# dauerbadegast



## elkop (14. Juli 2011)

mein miniteich wird schon den ganzen sommer lang an sonnentagen von einer stattlichen badekröte benützt. sie ist mittlerweile gar nicht mehr scheu, lässt sich von mir sogar mit __ wespen füttern und wir haben sie gemeinsam auf den namen "emma" getauft 

so eine treue konnte ich bisher noch nie feststellen, deshalb finde ich es einfach nett und erfreulich. nur an regnerischen tagen so wie heute da hält sich die dicke emma an land auf


----------



## 69pflanzenfreund69 (14. Juli 2011)

*AW: dauerbadegast*

Fotooos sehen wollen


----------



## Springmaus (14. Juli 2011)

*AW: dauerbadegast*

_Hallo,

ja bidde Fotos 
_


----------



## elkop (14. Juli 2011)

*AW: dauerbadegast*

wird erledigt


----------



## Christine (15. Juli 2011)

*AW: dauerbadegast*

Ja, das kenn ich - unsere erste Badekröte hieß Tusnelda. Die zweite Gertrud. Immer stattliche ältere Damen.

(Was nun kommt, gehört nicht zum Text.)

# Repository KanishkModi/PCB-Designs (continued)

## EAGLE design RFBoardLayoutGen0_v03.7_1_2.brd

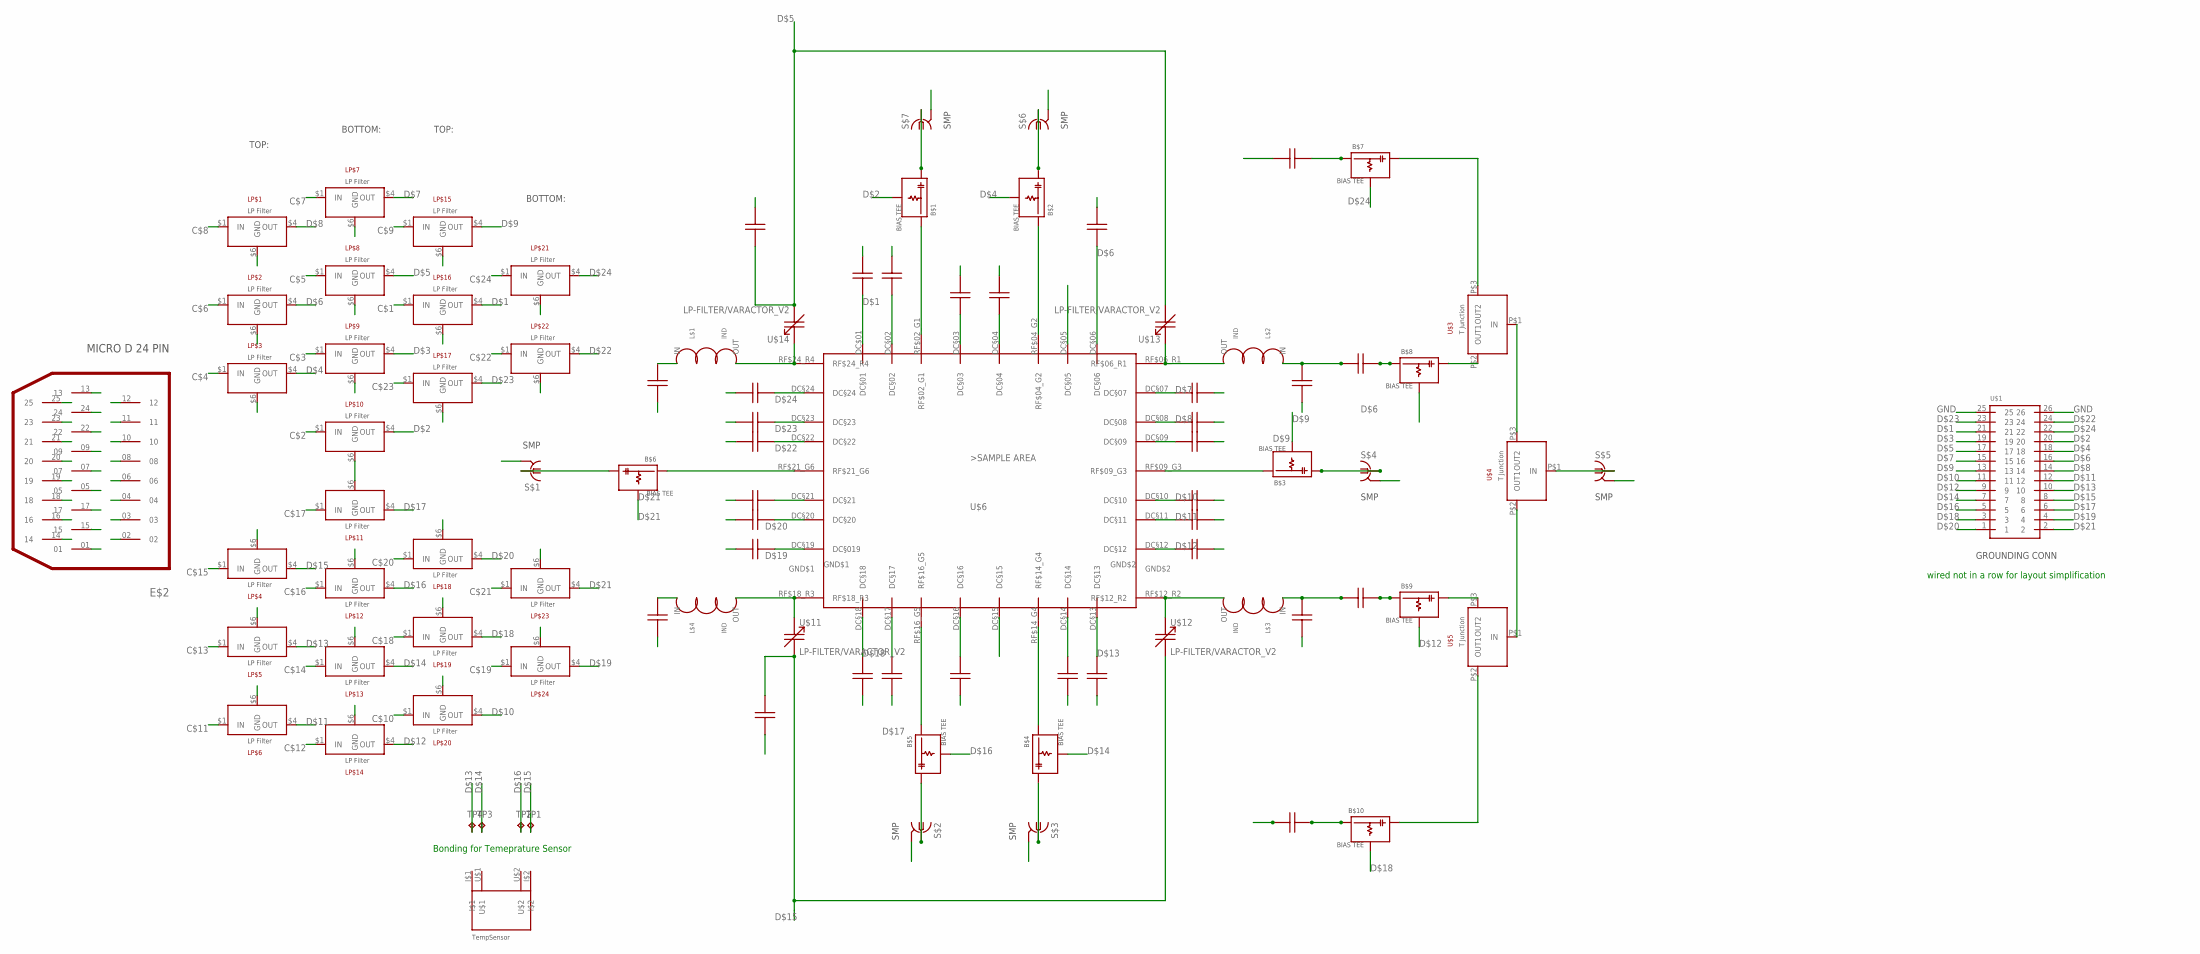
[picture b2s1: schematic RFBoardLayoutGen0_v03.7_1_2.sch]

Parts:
B$1: BIASTEEDOWN2; BIAS_TEE_DOWN_0603_V02
B$2, B$7, B$9: BIASTEEUP1; BIAS_TEE_UP_0603
B$3, B$4, B$6, B$8, B$10: BIASTEEDOWN1; BIAS_TEE_DOWN_0603
B$5: BIASTEEUP2; BIAS_TEE_UP_0603_V02
E$2: 25_SOCKET_M83513(13-DPINOUT2; 25_SOCKET_M83513/13-D_V2
L$1, L$2, L$3, L$4: L_MATCH
LP$1, LP$2, LP$3, LP$4, LP$5, LP$6, LP$15, LP$16, LP$17, LP$18, LP$19, LP$20: LP-FILTER/1-STAGETOP; LP-FILTER/1_STAGE/OS/0603_TOP
LP$7, LP$8, LP$9, LP$10, LP$11, LP$12, LP$13, LP$14, LP$21, LP$22, LP$23, LP$24: LP-FILTER/1-STAGEBOT; LP-FILTER/1_STAGE/OS/0603_BOTTOM
S$1, S$2, S$3, S$4, S$5, S$6, S$7: MC-921WIDE; SMP_STRAIGHT_MINI_WIDE
TP1, TP2, TP3, TP4: TPTP07SQ; TP07SQ
U$1: MEC8-113-02-L-D-RA1MBRD; MEC8-113-02-L-D-RA1
U$2: TEMPSENS; RX-BR_V1
U$3, U$4, U$5: TJUNCTION; T_JUNCTION_0.3MM
U$6: 24DC+10RF_V3.0; 24DC+10RF/400MU-PADS/0.7X0.7_V3.0
U$7, U$8, U$9, U$10, U$17, U$18, U$19, U$20: LP-FILTER/CAPACITOR/0603THIN; LP-FILTER/CAPACITOR/0603_BOTTOM
U$11, U$12, U$13, U$14: LP-FILTER/VARACTOR_V2
U$15, U$16, U$21, U$22, U$23, U$24, U$26, U$27, U$28, U$29, U$30, U$31, U$32, U$33, U$34, U$36, U$37, U$38, U$39, U$40, U$41, U$42, U$43, U$44: LP-FILTER/CAPACITOR/0603NORMAL; LP-FILTER/CAPACITOR/0603_BOTTOM_V2

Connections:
C$1: E$2.01, LP$16.$1 (IN)
C$2: E$2.02, LP$10.$1 (IN)
C$3: E$2.03, LP$9.$1 (IN)
C$4: E$2.04, LP$3.$1 (IN)
C$5: E$2.05, LP$8.$1 (IN)
C$6: E$2.06, LP$2.$1 (IN)
C$7: E$2.07, LP$7.$1 (IN)
C$8: E$2.08, LP$1.$1 (IN)
C$9: E$2.09, LP$15.$1 (IN)
C$10: E$2.10, LP$20.$1 (IN)
C$11: E$2.11, LP$6.$1 (IN)
C$12: E$2.12, LP$14.$1 (IN)
C$13: E$2.13, LP$5.$1 (IN)
C$14: E$2.14, LP$13.$1 (IN)
C$15: E$2.15, LP$4.$1 (IN)
C$16: E$2.16, LP$12.$1 (IN)
C$17: E$2.17, LP$11.$1 (IN)
C$18: E$2.18, LP$19.$1 (IN)
C$19: E$2.19, LP$24.$1 (IN)
C$20: E$2.20, LP$18.$1 (IN)
C$21: E$2.21, LP$23.$1 (IN)
C$22: E$2.22, LP$22.$1 (IN)
C$23: E$2.23, LP$17.$1 (IN)
C$24: E$2.24, LP$21.$1 (IN)
D$1: LP$16.$4 (OUT), U$1.21, U$6.DC$01 (DC§01), U$21.OUT (2)
D$2: B$1.LF, LP$10.$4 (OUT), U$1.20, U$6.DC§02, U$22.OUT (2)
D$3: LP$9.$4 (OUT), U$1.19, U$6.DC§03, U$23.OUT (2)
D$4: B$2.LF, LP$3.$4 (OUT), U$1.18, U$6.DC§04, U$24.OUT (2)
D$5: LP$8.$4 (OUT), U$1.17, U$6.DC§05, U$13.OUT1 (2), U$14.OUT1 (2), U$15.OUT (2)
D$6: B$8.LF, LP$2.$4 (OUT), U$1.16, U$6.DC§06, U$26.OUT (2)
D$7: LP$7.$4 (OUT), U$1.15, U$6.DC§07, U$27.OUT (2)
D$8: LP$1.$4 (OUT), U$1.14, U$6.DC§08, U$28.OUT (2)
D$9: B$3.LF, LP$15.$4 (OUT), U$1.13, U$6.DC§09, U$29.OUT (2)
D$10: LP$20.$4 (OUT), U$1.11, U$6.DC§10, U$30.OUT (2)
D$11: LP$6.$4 (OUT), U$1.12, U$6.DC§11, U$31.OUT (2)
D$12: B$9.LF, LP$14.$4 (OUT), U$1.9, U$6.DC§12, U$32.OUT (2)
D$13: LP$5.$4 (OUT), TP4.TP, U$1.10, U$6.DC§13, U$33.OUT (2)
D$14: B$4.LF, LP$13.$4 (OUT), TP3.TP, U$1.7, U$6.DC§14, U$34.OUT (2)
D$15: LP$4.$4 (OUT), TP1.TP, U$1.8, U$6.DC§15, U$11.OUT1 (2), U$12.OUT1 (2), U$16.OUT (2)
D$16: B$5.LF, LP$12.$4 (OUT), TP2.TP, U$1.5, U$6.DC§16, U$36.OUT (2)
D$17: LP$11.$4 (OUT), U$1.6, U$6.DC§17, U$37.OUT (2)
D$18: B$10.LF, LP$19.$4 (OUT), U$1.3, U$6.DC§18, U$38.OUT (2)
D$19: LP$24.$4 (OUT), U$1.4, U$6.DC§19 (DC§019), U$39.OUT (2)
D$20: LP$18.$4 (OUT), U$1.1, U$6.DC§20, U$40.OUT (2)
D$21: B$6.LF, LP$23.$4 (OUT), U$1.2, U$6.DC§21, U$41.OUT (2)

Elke, ich freu mich auf die Fotos!


----------



## elkop (24. Juli 2011)

*AW: dauerbadegast*

so, liebe teichler,
jetzt hat sich meine emma wieder zum bad eingefunden. den am ende gespaltenen bambusstecken verwende ich zum füttern  meines sommergastes 
leider ist es mir nicht gelungen, emma mit geöffnetem rachen  zu knipsen. dazu brauche ich einen assistenten, sonst fällt mir die kamera ins wasser. aber kommt auch noch, viell. ein kleines vido, mal schaun. 
ich hänge auch ein aktuelles foto von meinem teichlein mit anhängender kräuterspirale an.


----------



## Zermalmer (24. Juli 2011)

*AW: dauerbadegast*

Ein ganz schöner Brummer


----------



## Digicat (25. Juli 2011)

*AW: dauerbadegast*

Servus Elke

Das ist aber ein mords Brocken ... 

Schöner Teich, schöner Garten ...


----------



## Zander35 (25. Juli 2011)

*AW: dauerbadegast*

Eine wirklich staatliche Kröte!!!


----------



## Plätscher (25. Juli 2011)

*AW: dauerbadegast*



Zander35 schrieb:


> Eine wirklich staatliche Kröte!!!



Warum nur muß ich wenn ich das lese an Finanzpolitiker denken?


----------



## Christine (25. Juli 2011)

*AW: dauerbadegast*



Plätscher schrieb:


> Warum nur muß ich wenn ich das lese an Finanzpolitiker denken?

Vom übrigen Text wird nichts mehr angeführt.